Intel at some point decided to make finance guys CEO , Brian Krazinich and this guy both focused on cutting costs and trying to optimize profits instead of paying employees a competitive wage. Between that and regular restructuring and layoffs , a lot of good people left and so the majority of what is left in intel are people either in dead towns like Folsom or people stuck on h1bs or losers (lol sorry)
They did hire smart tech folks like Raja, Keller and few others at the top couple of years back to fix all their issues along with discrete GPUs. Keller left, interesting to see what happens next after this announcement.
I did get the feeling that the company is turning into a Wipro. Generic low paid employees with bosses getting fat paychecks to play politics and justify their existence.
Intel had it all- how did they screw it up so badly ?
Accountants and politicians
The company structure promotes political cultures. There are just too many bozos running the show. Don’t be surprised if there is still no 7nm in 3 years.

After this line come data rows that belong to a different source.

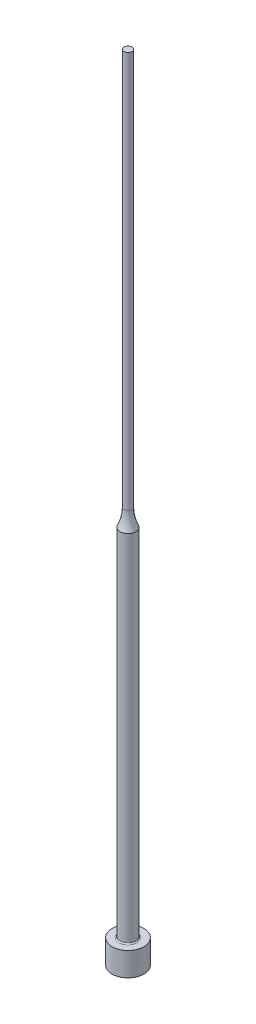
from build123d import *


with BuildPart() as part:
    # Sketch1 → Revolve1 (revolve)
    with BuildSketch(Plane.XY, mode=Mode.PRIVATE) as revolve1_sk:
        with BuildLine():
            Line((0, 0), (4, 0))
            Line((4, 0), (4, 6))
            Line((4, 6), (2.3, 6))
            ThreePointArc((2.3, 6), (2.087867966, 6.087867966), (2, 6.3))
            Line((2, 6.3), (2, 95.641101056))
            ThreePointArc((2, 95.641101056), (1.253205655, 97.763932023), (1, 100))
            Line((1, 100), (1, 200))
            Line((1, 200), (0, 200))
            Line((0, 200), (0, 0))
        make_face()
    revolve(revolve1_sk.sketch.rotate(Axis((0, 200, 0), (0, -1, 0)), 180), axis=Axis((0, 200, 0), (0, -1, 0)))


solid = part.part
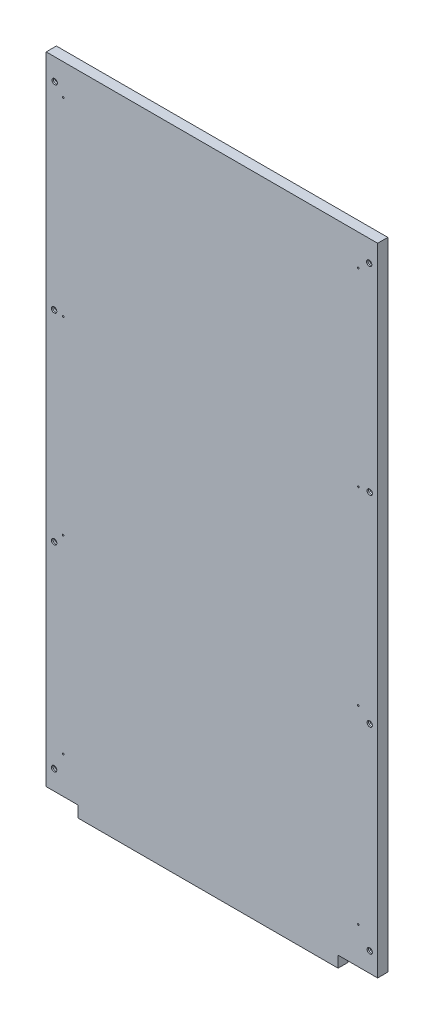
ISO-10303-21;
HEADER;
FILE_DESCRIPTION(('STEP AP214'),'2;1');
FILE_NAME('part.step','',(''),(''),'','','');
FILE_SCHEMA(('AUTOMOTIVE_DESIGN { 1 0 10303 214 1 1 1 1 }'));
ENDSEC;
DATA;
#1=APPLICATION_CONTEXT('core data for automotive mechanical design processes');
#2=APPLICATION_PROTOCOL_DEFINITION('international standard','automotive_design',2000,#1);
#3=PRODUCT_CONTEXT('',#1,'mechanical');
#4=PRODUCT('Part','Part','',(#3));
#5=PRODUCT_RELATED_PRODUCT_CATEGORY('part','',(#4));
#6=PRODUCT_DEFINITION_FORMATION('','',#4);
#7=PRODUCT_DEFINITION_CONTEXT('part definition',#1,'design');
#8=PRODUCT_DEFINITION('design','',#6,#7);
#9=PRODUCT_DEFINITION_SHAPE('','',#8);
#10=(LENGTH_UNIT() NAMED_UNIT(*) SI_UNIT(.MILLI.,.METRE.));
#11=(NAMED_UNIT(*) PLANE_ANGLE_UNIT() SI_UNIT($,.RADIAN.));
#12=(NAMED_UNIT(*) SI_UNIT($,.STERADIAN.) SOLID_ANGLE_UNIT());
#13=UNCERTAINTY_MEASURE_WITH_UNIT(LENGTH_MEASURE(1.E-05),#10,'distance_accuracy_value','');
#14=(GEOMETRIC_REPRESENTATION_CONTEXT(3) GLOBAL_UNCERTAINTY_ASSIGNED_CONTEXT((#13)) GLOBAL_UNIT_ASSIGNED_CONTEXT((#10,
#11,#12)) REPRESENTATION_CONTEXT('',''));
#15=CARTESIAN_POINT('',(0.,0.,0.));
#16=DIRECTION('',(0.,0.,1.));
#17=DIRECTION('',(1.,0.,0.));
#18=AXIS2_PLACEMENT_3D('',#15,#16,#17);
#19=CARTESIAN_POINT('',(-263.,496.922596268,3.));
#20=DIRECTION('',(0.,0.,-1.));
#21=DIRECTION('',(-1.,0.,0.));
#22=AXIS2_PLACEMENT_3D('',#19,#20,#21);
#23=PLANE('',#22);
#24=CARTESIAN_POINT('',(-263.,831.922596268,3.));
#25=DIRECTION('',(0.,0.,-1.));
#26=DIRECTION('',(-1.,0.,0.));
#27=AXIS2_PLACEMENT_3D('',#24,#25,#26);
#28=CIRCLE('',#27,1.5);
#29=CARTESIAN_POINT('',(-264.5,831.922596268,3.));
#30=VERTEX_POINT('',#29);
#31=EDGE_CURVE('E19',#30,#30,#28,.F.);
#32=ORIENTED_EDGE('',*,*,#31,.T.);
#33=EDGE_LOOP('',(#32));
#34=FACE_BOUND('',#33,.T.);
#35=ADVANCED_FACE('F16',(#34),#23,.F.);
#36=CARTESIAN_POINT('',(-263.,496.922596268,3.));
#37=DIRECTION('',(0.,0.,-1.));
#38=DIRECTION('',(-1.,0.,0.));
#39=AXIS2_PLACEMENT_3D('',#36,#37,#38);
#40=PLANE('',#39);
#41=CARTESIAN_POINT('',(-263.,496.922596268,3.));
#42=DIRECTION('',(0.,0.,-1.));
#43=DIRECTION('',(-1.,0.,0.));
#44=AXIS2_PLACEMENT_3D('',#41,#42,#43);
#45=CIRCLE('',#44,1.5);
#46=CARTESIAN_POINT('',(-264.5,496.922596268,3.));
#47=VERTEX_POINT('',#46);
#48=EDGE_CURVE('E240',#47,#47,#45,.F.);
#49=ORIENTED_EDGE('',*,*,#48,.T.);
#50=EDGE_LOOP('',(#49));
#51=FACE_BOUND('',#50,.T.);
#52=ADVANCED_FACE('F478',(#51),#40,.F.);
#53=CARTESIAN_POINT('',(-263.,496.922596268,3.));
#54=DIRECTION('',(0.,0.,-1.));
#55=DIRECTION('',(-1.,0.,0.));
#56=AXIS2_PLACEMENT_3D('',#53,#54,#55);
#57=PLANE('',#56);
#58=CARTESIAN_POINT('',(-263.,1166.92259627,3.));
#59=DIRECTION('',(0.,0.,-1.));
#60=DIRECTION('',(-1.,0.,0.));
#61=AXIS2_PLACEMENT_3D('',#58,#59,#60);
#62=CIRCLE('',#61,1.5);
#63=CARTESIAN_POINT('',(-264.5,1166.92259627,3.));
#64=VERTEX_POINT('',#63);
#65=EDGE_CURVE('E238',#64,#64,#62,.F.);
#66=ORIENTED_EDGE('',*,*,#65,.T.);
#67=EDGE_LOOP('',(#66));
#68=FACE_BOUND('',#67,.T.);
#69=ADVANCED_FACE('F475',(#68),#57,.F.);
#70=CARTESIAN_POINT('',(-263.,496.922596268,3.));
#71=DIRECTION('',(0.,0.,-1.));
#72=DIRECTION('',(-1.,0.,0.));
#73=AXIS2_PLACEMENT_3D('',#70,#71,#72);
#74=PLANE('',#73);
#75=CARTESIAN_POINT('',(-263.,1501.92259627,3.));
#76=DIRECTION('',(0.,0.,-1.));
#77=DIRECTION('',(-1.,0.,0.));
#78=AXIS2_PLACEMENT_3D('',#75,#76,#77);
#79=CIRCLE('',#78,1.5);
#80=CARTESIAN_POINT('',(-264.5,1501.92259627,3.));
#81=VERTEX_POINT('',#80);
#82=EDGE_CURVE('E235',#81,#81,#79,.F.);
#83=ORIENTED_EDGE('',*,*,#82,.T.);
#84=EDGE_LOOP('',(#83));
#85=FACE_BOUND('',#84,.T.);
#86=ADVANCED_FACE('F471',(#85),#74,.F.);
#87=CARTESIAN_POINT('',(-263.,496.922596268,3.));
#88=DIRECTION('',(0.,0.,-1.));
#89=DIRECTION('',(-1.,0.,0.));
#90=AXIS2_PLACEMENT_3D('',#87,#88,#89);
#91=PLANE('',#90);
#92=CARTESIAN_POINT('',(259.,496.922596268,3.));
#93=DIRECTION('',(0.,0.,-1.));
#94=DIRECTION('',(-1.,0.,0.));
#95=AXIS2_PLACEMENT_3D('',#92,#93,#94);
#96=CIRCLE('',#95,1.5);
#97=CARTESIAN_POINT('',(257.5,496.922596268,3.));
#98=VERTEX_POINT('',#97);
#99=EDGE_CURVE('E232',#98,#98,#96,.F.);
#100=ORIENTED_EDGE('',*,*,#99,.T.);
#101=EDGE_LOOP('',(#100));
#102=FACE_BOUND('',#101,.T.);
#103=ADVANCED_FACE('F467',(#102),#91,.F.);
#104=CARTESIAN_POINT('',(-263.,496.922596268,3.));
#105=DIRECTION('',(0.,0.,-1.));
#106=DIRECTION('',(-1.,0.,0.));
#107=AXIS2_PLACEMENT_3D('',#104,#105,#106);
#108=PLANE('',#107);
#109=CARTESIAN_POINT('',(259.,831.922596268,3.));
#110=DIRECTION('',(0.,0.,-1.));
#111=DIRECTION('',(-1.,0.,0.));
#112=AXIS2_PLACEMENT_3D('',#109,#110,#111);
#113=CIRCLE('',#112,1.5);
#114=CARTESIAN_POINT('',(257.5,831.922596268,3.));
#115=VERTEX_POINT('',#114);
#116=EDGE_CURVE('E229',#115,#115,#113,.F.);
#117=ORIENTED_EDGE('',*,*,#116,.T.);
#118=EDGE_LOOP('',(#117));
#119=FACE_BOUND('',#118,.T.);
#120=ADVANCED_FACE('F463',(#119),#108,.F.);
#121=CARTESIAN_POINT('',(-263.,496.922596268,3.));
#122=DIRECTION('',(0.,0.,-1.));
#123=DIRECTION('',(-1.,0.,0.));
#124=AXIS2_PLACEMENT_3D('',#121,#122,#123);
#125=PLANE('',#124);
#126=CARTESIAN_POINT('',(259.,1166.92259627,3.));
#127=DIRECTION('',(0.,0.,-1.));
#128=DIRECTION('',(-1.,0.,0.));
#129=AXIS2_PLACEMENT_3D('',#126,#127,#128);
#130=CIRCLE('',#129,1.5);
#131=CARTESIAN_POINT('',(257.5,1166.92259627,3.));
#132=VERTEX_POINT('',#131);
#133=EDGE_CURVE('E226',#132,#132,#130,.F.);
#134=ORIENTED_EDGE('',*,*,#133,.T.);
#135=EDGE_LOOP('',(#134));
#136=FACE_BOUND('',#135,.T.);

There is only 1 way out for Intel. Separate process and pay those process engineerd a fuck ton of options and hope they will come thru. I am not surprised here. Intel has been relying on good process to beat out AMD all those years when AMD was with global foundary. Did you hear any Intel process engineers made out like a bandit?
It’s not about money or talent anymore. I think that ship has sailed. From where they are, it requires years of dedicated research with top class engineers to just catch up to TSMC. By which time TSMC will be two nodes ahead. So TSMC needs to fail bad, Intel needs to invest heavily in talent and fix its process and then maybe in 5 years they will bridge the gap. I don’t think Bob Swan has the patience or skill to handle something like that. It’s the end of an era. I remember maybe 20-30 years ago being fascinated with Intel fabs and the cutting edge work they were doing. It’s been destroyed by the suits.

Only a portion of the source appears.